Hast du deinen geköpft ?


----------



## Rotkaeppchen (15. Dezember 2017)

hoff9zu0 schrieb:


> Heute kam ich auf 80grad sodass sogar kurz der Bildschirm schwarz wurde. .


Könntest Du das bitte etwas exakter beschreiben. Was für ein Gesamtsystem, welches Belastungstes tund wann hat wie der Rechner abgeschaltet? Die Ursache muss man finden, die CPU-Temperatur ist es nicht.


----------



## hoff9zu0 (15. Dezember 2017)

interessierterUser schrieb:


> Könntest Du das bitte etwas exakter beschreiben. Was für ein Gesamtsystem, welches Belastungstes tund wann hat wie der Rechner abgeschaltet? Die Ursache muss man finden, die CPU-Temperatur ist es nicht.



Glaube der Prozessor hat sich abgeschaltet, da im AI Suite 3 von Asus eine kritische Temperatur von 75Grad standardmäßig eingestellt war. Bei Aktivierung dieser wird auch die Warnung angezeigt, dass das System ausgeschaltet wird, wenn die 75 Grad überschritte nwerden. Das hab ich jetzt aus gemacht und seitdem keine Probleme mehr.


----------



## Rotkaeppchen (15. Dezember 2017)

Du solltest so etwas genauer hinterfragen. An welcher Stelle 75°C? CPU oder etwas anderes, wie Spannungswandler oder der Z370 Chip? Darum diue Frage nach dem Gesamtsystem, CPU-Kühler, Gehäuse, Lüfter etc. Vieles kann eine Ursache spielen.


----------



## santa-claus (15. Dezember 2017)

Die AI Suite 3 kann nur die Temp. von CPU und Motherboard auslesen. Jedoch kann man sich auf diese Angaben nicht verlassen, da ist diese Software ein Reinfall. Jedoch habe ich meine Lüfter damit gesteuert und das klappt wunderbar.
@ TE Das mit dem Ausschalten ist eine gute Idee. Solche Software macht den Rechner schlussendlich nicht besser. Wenn du FanXpert nicht benutzt, schmeiß den Mist am besten gleich komplett vom Rechner.
Zum Auslesen von Temp. etc. nimmst du lieber HWMonitor oder für Graka und CPU einzeln GPU-Z / CoreTemp.


----------



## hoff9zu0 (16. Dezember 2017)

Hab die ai 3 suite jetzt auch nur für den fan xpert, das klappt super.
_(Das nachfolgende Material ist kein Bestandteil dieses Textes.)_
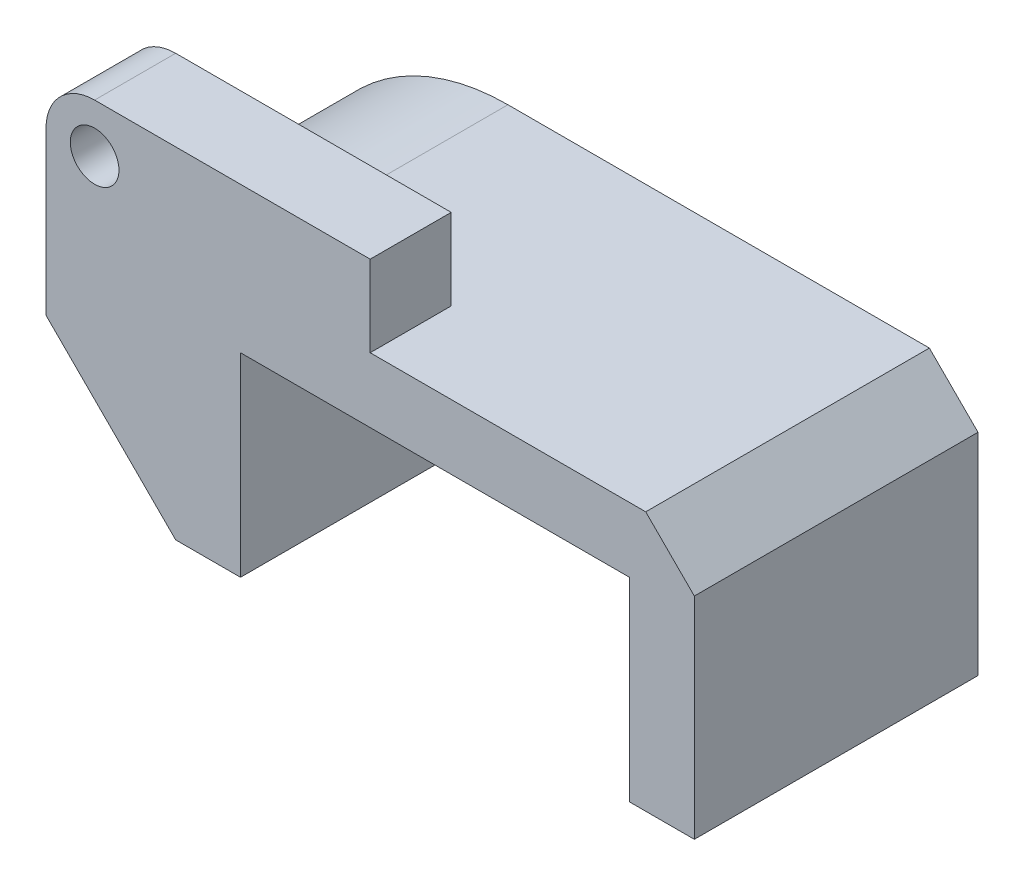
ISO-10303-21;
HEADER;
FILE_DESCRIPTION(('STEP AP214'),'2;1');
FILE_NAME('part.step','',(''),(''),'','','');
FILE_SCHEMA(('AUTOMOTIVE_DESIGN { 1 0 10303 214 1 1 1 1 }'));
ENDSEC;
DATA;
#1=APPLICATION_CONTEXT('core data for automotive mechanical design processes');
#2=APPLICATION_PROTOCOL_DEFINITION('international standard','automotive_design',2000,#1);
#3=PRODUCT_CONTEXT('',#1,'mechanical');
#4=PRODUCT('Part','Part','',(#3));
#5=PRODUCT_RELATED_PRODUCT_CATEGORY('part','',(#4));
#6=PRODUCT_DEFINITION_FORMATION('','',#4);
#7=PRODUCT_DEFINITION_CONTEXT('part definition',#1,'design');
#8=PRODUCT_DEFINITION('design','',#6,#7);
#9=PRODUCT_DEFINITION_SHAPE('','',#8);
#10=(LENGTH_UNIT() NAMED_UNIT(*) SI_UNIT(.MILLI.,.METRE.));
#11=(NAMED_UNIT(*) PLANE_ANGLE_UNIT() SI_UNIT($,.RADIAN.));
#12=(NAMED_UNIT(*) SI_UNIT($,.STERADIAN.) SOLID_ANGLE_UNIT());
#13=UNCERTAINTY_MEASURE_WITH_UNIT(LENGTH_MEASURE(1.E-05),#10,'distance_accuracy_value','');
#14=(GEOMETRIC_REPRESENTATION_CONTEXT(3) GLOBAL_UNCERTAINTY_ASSIGNED_CONTEXT((#13)) GLOBAL_UNIT_ASSIGNED_CONTEXT((#10,
#11,#12)) REPRESENTATION_CONTEXT('',''));
#15=CARTESIAN_POINT('',(0.,0.,0.));
#16=DIRECTION('',(0.,0.,1.));
#17=DIRECTION('',(1.,0.,0.));
#18=AXIS2_PLACEMENT_3D('',#15,#16,#17);
#19=CARTESIAN_POINT('',(-16.,-12.,17.5));
#20=DIRECTION('',(0.,1.,0.));
#21=DIRECTION('',(0.,0.,1.));
#22=AXIS2_PLACEMENT_3D('',#19,#20,#21);
#23=PLANE('',#22);
#24=DIRECTION('',(1.,0.,0.));
#25=VECTOR('',#24,1.);
#26=CARTESIAN_POINT('',(-16.,-12.,17.5));
#27=LINE('',#26,#25);
#28=CARTESIAN_POINT('',(-16.,-12.,17.5));
#29=VERTEX_POINT('',#28);
#30=CARTESIAN_POINT('',(-12.,-12.,17.5));
#31=VERTEX_POINT('',#30);
#32=EDGE_CURVE('E206',#29,#31,#27,.T.);
#33=ORIENTED_EDGE('',*,*,#32,.F.);
#34=DIRECTION('',(0.,0.,-1.));
#35=VECTOR('',#34,1.);
#36=CARTESIAN_POINT('',(-16.,-12.,17.5));
#37=LINE('',#36,#35);
#38=CARTESIAN_POINT('',(-16.,-12.,0.));
#39=VERTEX_POINT('',#38);
#40=EDGE_CURVE('E251',#29,#39,#37,.T.);
#41=ORIENTED_EDGE('',*,*,#40,.T.);
#42=DIRECTION('',(1.,0.,0.));
#43=VECTOR('',#42,1.);
#44=CARTESIAN_POINT('',(-16.,-12.,0.));
#45=LINE('',#44,#43);
#46=CARTESIAN_POINT('',(-12.,-12.,0.));
#47=VERTEX_POINT('',#46);
#48=EDGE_CURVE('E156',#39,#47,#45,.T.);
#49=ORIENTED_EDGE('',*,*,#48,.T.);
#50=DIRECTION('',(0.,0.,-1.));
#51=VECTOR('',#50,1.);
#52=CARTESIAN_POINT('',(-12.,-12.,17.5));
#53=LINE('',#52,#51);
#54=EDGE_CURVE('E248',#31,#47,#53,.T.);
#55=ORIENTED_EDGE('',*,*,#54,.F.);
#56=EDGE_LOOP('',(#33,#41,#49,#55));
#57=FACE_BOUND('',#56,.T.);
#58=ADVANCED_FACE('F32',(#57),#23,.F.);
#59=CARTESIAN_POINT('',(-12.,-12.,17.5));
#60=DIRECTION('',(-1.,0.,0.));
#61=DIRECTION('',(0.,0.,1.));
#62=AXIS2_PLACEMENT_3D('',#59,#60,#61);
#63=PLANE('',#62);
#64=DIRECTION('',(0.,1.,0.));
#65=VECTOR('',#64,1.);
#66=CARTESIAN_POINT('',(-12.,-12.,0.));
#67=LINE('',#66,#65);
#68=CARTESIAN_POINT('',(-12.,0.,0.));
#69=VERTEX_POINT('',#68);
#70=EDGE_CURVE('E225',#47,#69,#67,.T.);
#71=ORIENTED_EDGE('',*,*,#70,.T.);
#72=DIRECTION('',(0.,0.,-1.));
#73=VECTOR('',#72,1.);
#74=CARTESIAN_POINT('',(-12.,0.,17.5));
#75=LINE('',#74,#73);
#76=CARTESIAN_POINT('',(-12.,0.,17.5));
#77=VERTEX_POINT('',#76);
#78=EDGE_CURVE('E245',#77,#69,#75,.T.);
#79=ORIENTED_EDGE('',*,*,#78,.F.);
#80=DIRECTION('',(0.,1.,0.));
#81=VECTOR('',#80,1.);
#82=CARTESIAN_POINT('',(-12.,-12.,17.5));
#83=LINE('',#82,#81);
#84=EDGE_CURVE('E208',#31,#77,#83,.T.);
#85=ORIENTED_EDGE('',*,*,#84,.F.);
#86=ORIENTED_EDGE('',*,*,#54,.T.);
#87=EDGE_LOOP('',(#71,#79,#85,#86));
#88=FACE_BOUND('',#87,.T.);
#89=ADVANCED_FACE('F321',(#88),#63,.F.);
#90=CARTESIAN_POINT('',(-12.,0.,17.5));
#91=DIRECTION('',(0.,1.,0.));
#92=DIRECTION('',(0.,0.,1.));
#93=AXIS2_PLACEMENT_3D('',#90,#91,#92);
#94=PLANE('',#93);
#95=DIRECTION('',(1.,0.,0.));
#96=VECTOR('',#95,1.);
#97=CARTESIAN_POINT('',(-12.,0.,0.));
#98=LINE('',#97,#96);
#99=CARTESIAN_POINT('',(12.,0.,0.));
#100=VERTEX_POINT('',#99);
#101=EDGE_CURVE('E227',#69,#100,#98,.T.);
#102=ORIENTED_EDGE('',*,*,#101,.T.);
#103=DIRECTION('',(0.,0.,-1.));
#104=VECTOR('',#103,1.);
#105=CARTESIAN_POINT('',(12.,0.,17.5));
#106=LINE('',#105,#104);
#107=CARTESIAN_POINT('',(12.,0.,17.5));
#108=VERTEX_POINT('',#107);
#109=EDGE_CURVE('E242',#108,#100,#106,.T.);
#110=ORIENTED_EDGE('',*,*,#109,.F.);
#111=DIRECTION('',(1.,0.,0.));
#112=VECTOR('',#111,1.);
#113=CARTESIAN_POINT('',(-12.,0.,17.5));
#114=LINE('',#113,#112);
#115=EDGE_CURVE('E211',#77,#108,#114,.T.);
#116=ORIENTED_EDGE('',*,*,#115,.F.);
#117=ORIENTED_EDGE('',*,*,#78,.T.);
#118=EDGE_LOOP('',(#102,#110,#116,#117));
#119=FACE_BOUND('',#118,.T.);
#120=ADVANCED_FACE('F317',(#119),#94,.F.);
#121=CARTESIAN_POINT('',(12.,-12.,17.5));
#122=DIRECTION('',(1.,0.,0.));
#123=DIRECTION('',(0.,0.,-1.));
#124=AXIS2_PLACEMENT_3D('',#121,#122,#123);
#125=PLANE('',#124);
#126=DIRECTION('',(0.,-1.,0.));
#127=VECTOR('',#126,1.);
#128=CARTESIAN_POINT('',(12.,-12.,0.));
#129=LINE('',#128,#127);
#130=CARTESIAN_POINT('',(12.,-12.,0.));
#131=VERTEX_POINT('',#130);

Für die temps habe ich core temp und seit dem ich den Rest bei ai suite ausgestellt habe, hab ich auch keine Probleme mehr mit schwarzem Bildschirm o.ä.


----------



## Sverre (16. Dezember 2017)

butzbert schrieb:


> Hast du deinen geköpft ?


 Nein noch nicht.

Schmeis AI3 bitte runter und steuer deine Lüfter übers Bios.
Hab noch keine gute ASUS software gesehn, egal welche.


----------



## Delving (16. Dezember 2017)

Ich habe ebenfalls den 8700k mit Asus Maximus Hero X Board (Luftkühlung mit Be Quiet Dark Rock (nicht pro)) und habe z.B. bei Assassins Creed Origins auf max. Einstellungen (Graka: Asus GTX 1080 Ti) etwa 75-80° im Schnitt, jedoch auch kurzzeitige Temperaturspitzen von 90-94°. 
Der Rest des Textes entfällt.